En vous lisant, je me suis dit que nous pourrions mener un débat sans fin sur le pour et contre une institution comme la commémoration du 11 novembre.
Je suis né en 1961, en Allemagne. Mon grand-père est né dans l’Empire, mon père dans la République de Weimar – et il a grandi au 3ème Reich – quant à moi, je suis né en République Fédérale, et ma fille dans l’Allemagne réunifiée.
A chaque changement de génération, il y eut une autre, une nouvelle définition de la nation, du citoyen, du sujet, peut-être même de l’Homme pour certains. De plus, regardé de près, chaque changement de génération correspond à une crise, économique, politique, guerrière, une coupure nette.
De père en fils, nous avons souvent l’impression de provenir non pas d’horizons, mais de mondes si différents que seuls les comptes rendus historiques peuvent nous aider à bâtir des ponts. Ce qui est une approche quand même très pragmatique.
Pour moi, le 11 novembre a commencé à avoir une signification réelle quand je vivais en France. Je l’ai aperçu comme un élément parmi d’autres jouant un rôle important dans l’identité des Français, qui vivent dans un pays qui a connu infiniment plus de continuité que l’Allemagne. Ce qui ne veut pas dire qu’une commémoration institutionnalisée ne peut être dépoussiérée, voire remise en question.
Pas impossible qu’un héritage d’un tout autre genre se manifeste aujourd’hui d’une manière inattendue. J’ai du mal à le croire, mais ne trouve pas cela absurde : le 11 novembre à 11 heures 11, les conseils des 11 fait démarrer la période du carnaval, censé renverser symboliquement l’ordre en place.

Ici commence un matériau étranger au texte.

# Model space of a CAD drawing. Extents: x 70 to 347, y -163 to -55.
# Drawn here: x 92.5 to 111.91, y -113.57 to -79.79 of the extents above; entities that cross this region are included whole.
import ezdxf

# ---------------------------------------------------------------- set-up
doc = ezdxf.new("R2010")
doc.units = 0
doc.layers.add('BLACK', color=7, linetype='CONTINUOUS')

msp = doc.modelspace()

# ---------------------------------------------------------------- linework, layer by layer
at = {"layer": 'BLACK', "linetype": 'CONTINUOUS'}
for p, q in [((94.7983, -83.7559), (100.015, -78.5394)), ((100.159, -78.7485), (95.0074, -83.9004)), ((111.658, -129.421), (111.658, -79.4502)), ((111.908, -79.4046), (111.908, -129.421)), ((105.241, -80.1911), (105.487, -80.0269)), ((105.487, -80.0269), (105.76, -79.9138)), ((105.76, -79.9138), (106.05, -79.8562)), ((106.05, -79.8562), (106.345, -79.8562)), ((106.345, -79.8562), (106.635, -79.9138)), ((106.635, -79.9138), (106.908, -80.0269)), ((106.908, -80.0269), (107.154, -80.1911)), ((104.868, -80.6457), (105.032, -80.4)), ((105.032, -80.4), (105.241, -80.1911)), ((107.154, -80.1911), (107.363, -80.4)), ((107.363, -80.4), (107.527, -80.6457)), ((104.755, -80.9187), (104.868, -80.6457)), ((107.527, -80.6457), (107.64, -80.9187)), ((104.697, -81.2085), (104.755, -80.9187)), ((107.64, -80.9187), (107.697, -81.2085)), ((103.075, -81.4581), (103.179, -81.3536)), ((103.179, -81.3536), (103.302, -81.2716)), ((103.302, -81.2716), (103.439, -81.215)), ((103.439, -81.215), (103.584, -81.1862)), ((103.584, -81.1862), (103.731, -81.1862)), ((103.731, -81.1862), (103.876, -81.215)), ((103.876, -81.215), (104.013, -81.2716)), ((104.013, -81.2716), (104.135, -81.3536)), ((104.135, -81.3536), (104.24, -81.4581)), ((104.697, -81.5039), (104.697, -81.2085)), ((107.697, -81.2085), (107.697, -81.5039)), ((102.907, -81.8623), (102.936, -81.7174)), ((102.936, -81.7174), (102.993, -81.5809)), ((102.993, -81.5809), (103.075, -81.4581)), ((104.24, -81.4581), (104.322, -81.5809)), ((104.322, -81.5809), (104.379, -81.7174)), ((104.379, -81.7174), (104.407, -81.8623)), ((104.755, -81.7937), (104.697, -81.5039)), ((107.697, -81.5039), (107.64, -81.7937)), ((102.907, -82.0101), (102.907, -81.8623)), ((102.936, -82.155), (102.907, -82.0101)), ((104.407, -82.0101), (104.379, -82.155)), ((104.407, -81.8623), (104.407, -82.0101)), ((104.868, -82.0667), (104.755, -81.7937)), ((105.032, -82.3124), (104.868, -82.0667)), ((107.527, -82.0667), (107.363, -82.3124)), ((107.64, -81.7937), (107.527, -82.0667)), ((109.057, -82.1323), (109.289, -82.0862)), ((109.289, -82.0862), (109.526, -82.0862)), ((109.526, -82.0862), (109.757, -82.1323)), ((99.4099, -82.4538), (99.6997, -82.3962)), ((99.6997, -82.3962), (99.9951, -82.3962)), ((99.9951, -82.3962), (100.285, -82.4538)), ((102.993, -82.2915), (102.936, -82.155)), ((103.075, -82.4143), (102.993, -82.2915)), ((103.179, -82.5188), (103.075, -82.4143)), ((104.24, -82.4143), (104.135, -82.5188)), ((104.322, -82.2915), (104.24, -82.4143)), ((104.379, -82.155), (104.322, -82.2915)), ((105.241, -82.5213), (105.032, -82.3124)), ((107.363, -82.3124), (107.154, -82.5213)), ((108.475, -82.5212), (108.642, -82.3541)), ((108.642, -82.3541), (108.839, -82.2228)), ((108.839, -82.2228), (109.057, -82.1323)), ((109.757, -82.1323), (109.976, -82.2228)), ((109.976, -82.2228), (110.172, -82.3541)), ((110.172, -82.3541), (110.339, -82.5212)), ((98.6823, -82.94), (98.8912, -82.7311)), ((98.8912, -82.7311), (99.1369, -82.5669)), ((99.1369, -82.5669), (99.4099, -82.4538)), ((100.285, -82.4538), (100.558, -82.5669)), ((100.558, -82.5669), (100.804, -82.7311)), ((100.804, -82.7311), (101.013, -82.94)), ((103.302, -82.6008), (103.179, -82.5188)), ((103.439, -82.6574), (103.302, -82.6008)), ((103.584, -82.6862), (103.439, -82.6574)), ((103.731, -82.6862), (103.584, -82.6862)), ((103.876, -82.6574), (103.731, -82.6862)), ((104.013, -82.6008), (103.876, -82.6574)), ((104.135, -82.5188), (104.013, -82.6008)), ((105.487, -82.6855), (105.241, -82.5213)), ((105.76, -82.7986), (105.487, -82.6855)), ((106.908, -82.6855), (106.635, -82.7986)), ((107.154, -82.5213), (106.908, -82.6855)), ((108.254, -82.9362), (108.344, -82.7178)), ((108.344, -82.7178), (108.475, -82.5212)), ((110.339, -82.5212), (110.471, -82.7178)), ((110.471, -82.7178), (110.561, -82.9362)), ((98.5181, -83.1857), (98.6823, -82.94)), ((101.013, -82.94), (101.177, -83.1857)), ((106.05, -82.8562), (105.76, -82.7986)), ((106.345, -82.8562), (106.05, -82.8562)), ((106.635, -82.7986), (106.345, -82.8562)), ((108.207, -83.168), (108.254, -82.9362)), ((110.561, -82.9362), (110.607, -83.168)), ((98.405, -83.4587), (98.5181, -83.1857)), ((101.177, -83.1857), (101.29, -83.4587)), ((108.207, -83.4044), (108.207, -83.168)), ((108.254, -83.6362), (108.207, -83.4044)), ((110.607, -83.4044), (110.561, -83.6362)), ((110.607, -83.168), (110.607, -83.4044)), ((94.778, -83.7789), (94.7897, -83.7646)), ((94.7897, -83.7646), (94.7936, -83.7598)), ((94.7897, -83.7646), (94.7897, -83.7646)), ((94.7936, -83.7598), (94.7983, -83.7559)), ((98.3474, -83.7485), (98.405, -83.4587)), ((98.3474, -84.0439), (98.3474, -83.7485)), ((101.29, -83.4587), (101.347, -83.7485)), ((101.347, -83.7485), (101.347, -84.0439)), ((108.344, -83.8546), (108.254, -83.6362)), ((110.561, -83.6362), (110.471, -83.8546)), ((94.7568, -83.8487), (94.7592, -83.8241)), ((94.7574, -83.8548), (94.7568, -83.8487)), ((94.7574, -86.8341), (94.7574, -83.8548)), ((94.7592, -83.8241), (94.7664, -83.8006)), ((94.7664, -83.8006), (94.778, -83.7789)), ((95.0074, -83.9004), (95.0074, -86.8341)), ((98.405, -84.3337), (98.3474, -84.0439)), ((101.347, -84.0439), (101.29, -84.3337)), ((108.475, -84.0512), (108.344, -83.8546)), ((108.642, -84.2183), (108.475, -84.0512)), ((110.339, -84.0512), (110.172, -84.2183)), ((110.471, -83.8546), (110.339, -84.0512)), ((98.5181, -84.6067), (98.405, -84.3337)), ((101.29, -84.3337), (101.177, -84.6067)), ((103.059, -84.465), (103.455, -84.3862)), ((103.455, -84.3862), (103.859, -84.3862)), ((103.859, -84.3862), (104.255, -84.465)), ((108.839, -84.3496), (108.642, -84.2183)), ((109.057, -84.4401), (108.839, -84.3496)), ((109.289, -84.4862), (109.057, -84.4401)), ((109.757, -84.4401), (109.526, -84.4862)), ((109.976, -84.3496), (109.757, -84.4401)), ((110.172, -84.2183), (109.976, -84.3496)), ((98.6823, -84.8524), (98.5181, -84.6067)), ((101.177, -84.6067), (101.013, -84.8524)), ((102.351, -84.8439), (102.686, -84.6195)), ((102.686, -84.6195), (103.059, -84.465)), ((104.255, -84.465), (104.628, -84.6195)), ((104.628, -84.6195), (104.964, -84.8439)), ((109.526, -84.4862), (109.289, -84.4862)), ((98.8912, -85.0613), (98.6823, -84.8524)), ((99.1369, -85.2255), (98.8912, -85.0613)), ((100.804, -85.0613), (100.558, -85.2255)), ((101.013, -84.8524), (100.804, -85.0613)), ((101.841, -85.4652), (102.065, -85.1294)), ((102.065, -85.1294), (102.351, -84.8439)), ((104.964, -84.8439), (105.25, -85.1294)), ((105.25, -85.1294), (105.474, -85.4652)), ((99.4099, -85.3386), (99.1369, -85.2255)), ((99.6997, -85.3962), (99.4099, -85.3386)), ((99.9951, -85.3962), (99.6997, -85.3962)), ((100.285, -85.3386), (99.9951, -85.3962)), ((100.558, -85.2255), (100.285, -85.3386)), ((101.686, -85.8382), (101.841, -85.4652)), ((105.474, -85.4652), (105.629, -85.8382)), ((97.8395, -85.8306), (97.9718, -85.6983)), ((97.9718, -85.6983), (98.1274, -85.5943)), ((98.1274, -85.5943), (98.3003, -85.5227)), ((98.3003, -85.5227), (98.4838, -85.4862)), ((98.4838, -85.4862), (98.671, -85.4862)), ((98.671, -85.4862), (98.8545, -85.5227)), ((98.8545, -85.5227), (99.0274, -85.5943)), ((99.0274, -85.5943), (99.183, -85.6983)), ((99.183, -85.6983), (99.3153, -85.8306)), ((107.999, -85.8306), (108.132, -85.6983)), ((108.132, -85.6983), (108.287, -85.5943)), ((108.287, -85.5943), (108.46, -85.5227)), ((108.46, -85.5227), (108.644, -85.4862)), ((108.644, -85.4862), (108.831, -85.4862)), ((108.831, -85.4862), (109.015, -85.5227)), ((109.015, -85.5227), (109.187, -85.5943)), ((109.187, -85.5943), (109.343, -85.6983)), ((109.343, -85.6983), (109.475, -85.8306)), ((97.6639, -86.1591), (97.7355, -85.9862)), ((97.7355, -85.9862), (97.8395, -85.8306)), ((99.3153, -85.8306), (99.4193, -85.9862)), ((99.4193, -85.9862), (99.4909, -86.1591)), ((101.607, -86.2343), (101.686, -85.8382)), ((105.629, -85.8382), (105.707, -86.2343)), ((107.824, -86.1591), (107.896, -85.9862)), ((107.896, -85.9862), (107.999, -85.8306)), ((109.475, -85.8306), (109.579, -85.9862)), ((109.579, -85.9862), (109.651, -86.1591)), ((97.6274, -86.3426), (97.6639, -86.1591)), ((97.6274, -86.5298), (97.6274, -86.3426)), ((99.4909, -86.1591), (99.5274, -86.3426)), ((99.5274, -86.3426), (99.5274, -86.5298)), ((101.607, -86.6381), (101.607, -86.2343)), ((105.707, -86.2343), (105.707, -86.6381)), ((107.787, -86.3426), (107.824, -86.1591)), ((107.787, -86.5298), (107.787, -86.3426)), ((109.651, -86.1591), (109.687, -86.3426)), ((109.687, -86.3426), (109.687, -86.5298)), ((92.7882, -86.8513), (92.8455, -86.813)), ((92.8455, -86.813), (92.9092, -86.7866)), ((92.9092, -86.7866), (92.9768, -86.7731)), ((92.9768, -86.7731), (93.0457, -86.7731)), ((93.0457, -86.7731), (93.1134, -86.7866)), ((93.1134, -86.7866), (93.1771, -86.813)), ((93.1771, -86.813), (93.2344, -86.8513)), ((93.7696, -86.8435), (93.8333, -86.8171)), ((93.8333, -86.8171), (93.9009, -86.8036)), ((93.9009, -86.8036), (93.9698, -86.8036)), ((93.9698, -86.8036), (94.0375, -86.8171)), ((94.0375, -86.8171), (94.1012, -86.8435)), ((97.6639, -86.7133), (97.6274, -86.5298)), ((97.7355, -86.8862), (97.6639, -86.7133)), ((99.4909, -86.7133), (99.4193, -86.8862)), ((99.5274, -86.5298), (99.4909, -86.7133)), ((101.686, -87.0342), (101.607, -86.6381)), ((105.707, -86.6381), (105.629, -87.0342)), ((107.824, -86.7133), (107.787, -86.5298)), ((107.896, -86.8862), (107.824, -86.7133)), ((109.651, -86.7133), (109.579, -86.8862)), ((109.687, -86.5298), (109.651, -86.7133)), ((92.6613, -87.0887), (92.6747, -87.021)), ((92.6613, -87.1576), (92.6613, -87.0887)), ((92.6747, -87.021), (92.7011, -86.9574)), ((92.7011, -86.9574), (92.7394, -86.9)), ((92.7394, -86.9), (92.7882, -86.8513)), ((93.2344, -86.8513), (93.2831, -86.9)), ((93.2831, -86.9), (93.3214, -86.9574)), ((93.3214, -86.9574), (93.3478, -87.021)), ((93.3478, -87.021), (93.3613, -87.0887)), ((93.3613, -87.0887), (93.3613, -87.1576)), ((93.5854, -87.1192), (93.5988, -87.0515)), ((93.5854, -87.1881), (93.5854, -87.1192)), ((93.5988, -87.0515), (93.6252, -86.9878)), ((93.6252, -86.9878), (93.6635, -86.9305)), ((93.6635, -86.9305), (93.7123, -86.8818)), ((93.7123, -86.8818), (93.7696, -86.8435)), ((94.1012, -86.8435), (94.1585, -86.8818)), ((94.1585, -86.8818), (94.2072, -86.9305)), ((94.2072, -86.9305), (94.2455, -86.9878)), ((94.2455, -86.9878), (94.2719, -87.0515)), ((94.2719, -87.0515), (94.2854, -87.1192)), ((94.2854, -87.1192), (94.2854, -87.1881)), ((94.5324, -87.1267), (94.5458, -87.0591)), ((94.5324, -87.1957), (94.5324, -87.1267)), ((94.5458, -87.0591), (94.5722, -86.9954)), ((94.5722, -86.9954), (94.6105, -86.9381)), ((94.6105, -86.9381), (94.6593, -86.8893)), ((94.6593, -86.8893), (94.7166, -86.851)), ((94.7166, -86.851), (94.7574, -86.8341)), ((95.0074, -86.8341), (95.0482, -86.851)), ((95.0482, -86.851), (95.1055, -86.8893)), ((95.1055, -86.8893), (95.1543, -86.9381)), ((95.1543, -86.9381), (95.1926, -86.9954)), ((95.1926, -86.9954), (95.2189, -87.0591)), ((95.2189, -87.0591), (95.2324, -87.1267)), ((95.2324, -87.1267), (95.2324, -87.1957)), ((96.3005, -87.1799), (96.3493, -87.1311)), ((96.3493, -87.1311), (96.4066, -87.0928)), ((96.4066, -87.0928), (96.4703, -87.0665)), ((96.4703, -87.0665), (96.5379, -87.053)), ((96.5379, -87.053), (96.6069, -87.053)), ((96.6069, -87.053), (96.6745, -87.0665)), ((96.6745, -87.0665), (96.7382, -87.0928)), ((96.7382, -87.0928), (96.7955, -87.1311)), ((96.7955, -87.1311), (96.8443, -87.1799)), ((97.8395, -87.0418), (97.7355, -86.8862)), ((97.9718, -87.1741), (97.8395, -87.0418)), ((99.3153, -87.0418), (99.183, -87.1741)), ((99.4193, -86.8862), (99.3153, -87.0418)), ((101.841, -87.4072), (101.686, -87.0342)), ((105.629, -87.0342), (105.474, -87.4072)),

Le chiffre 11, elf, aurait son origine dans la Révolution Française et son idéal de l’Egalite-Liberté-Fraternité, ELF, à une époque où les citoyens étaient dépossédés de leurs droits. Les premiers conseils des onze se seraient formés à l’époque napoléonienne, comme une forme subtile de résistance à l’occupant, qui dictait un ordre à lui à un continent entier, et aux peuples qui y vivaient.
Napoléon n’est pas un héros pour les Allemands. Les perceptions des évènements, des personnes, des institutions sont différentes d’un pays, mais aussi d’une génération à l’autre.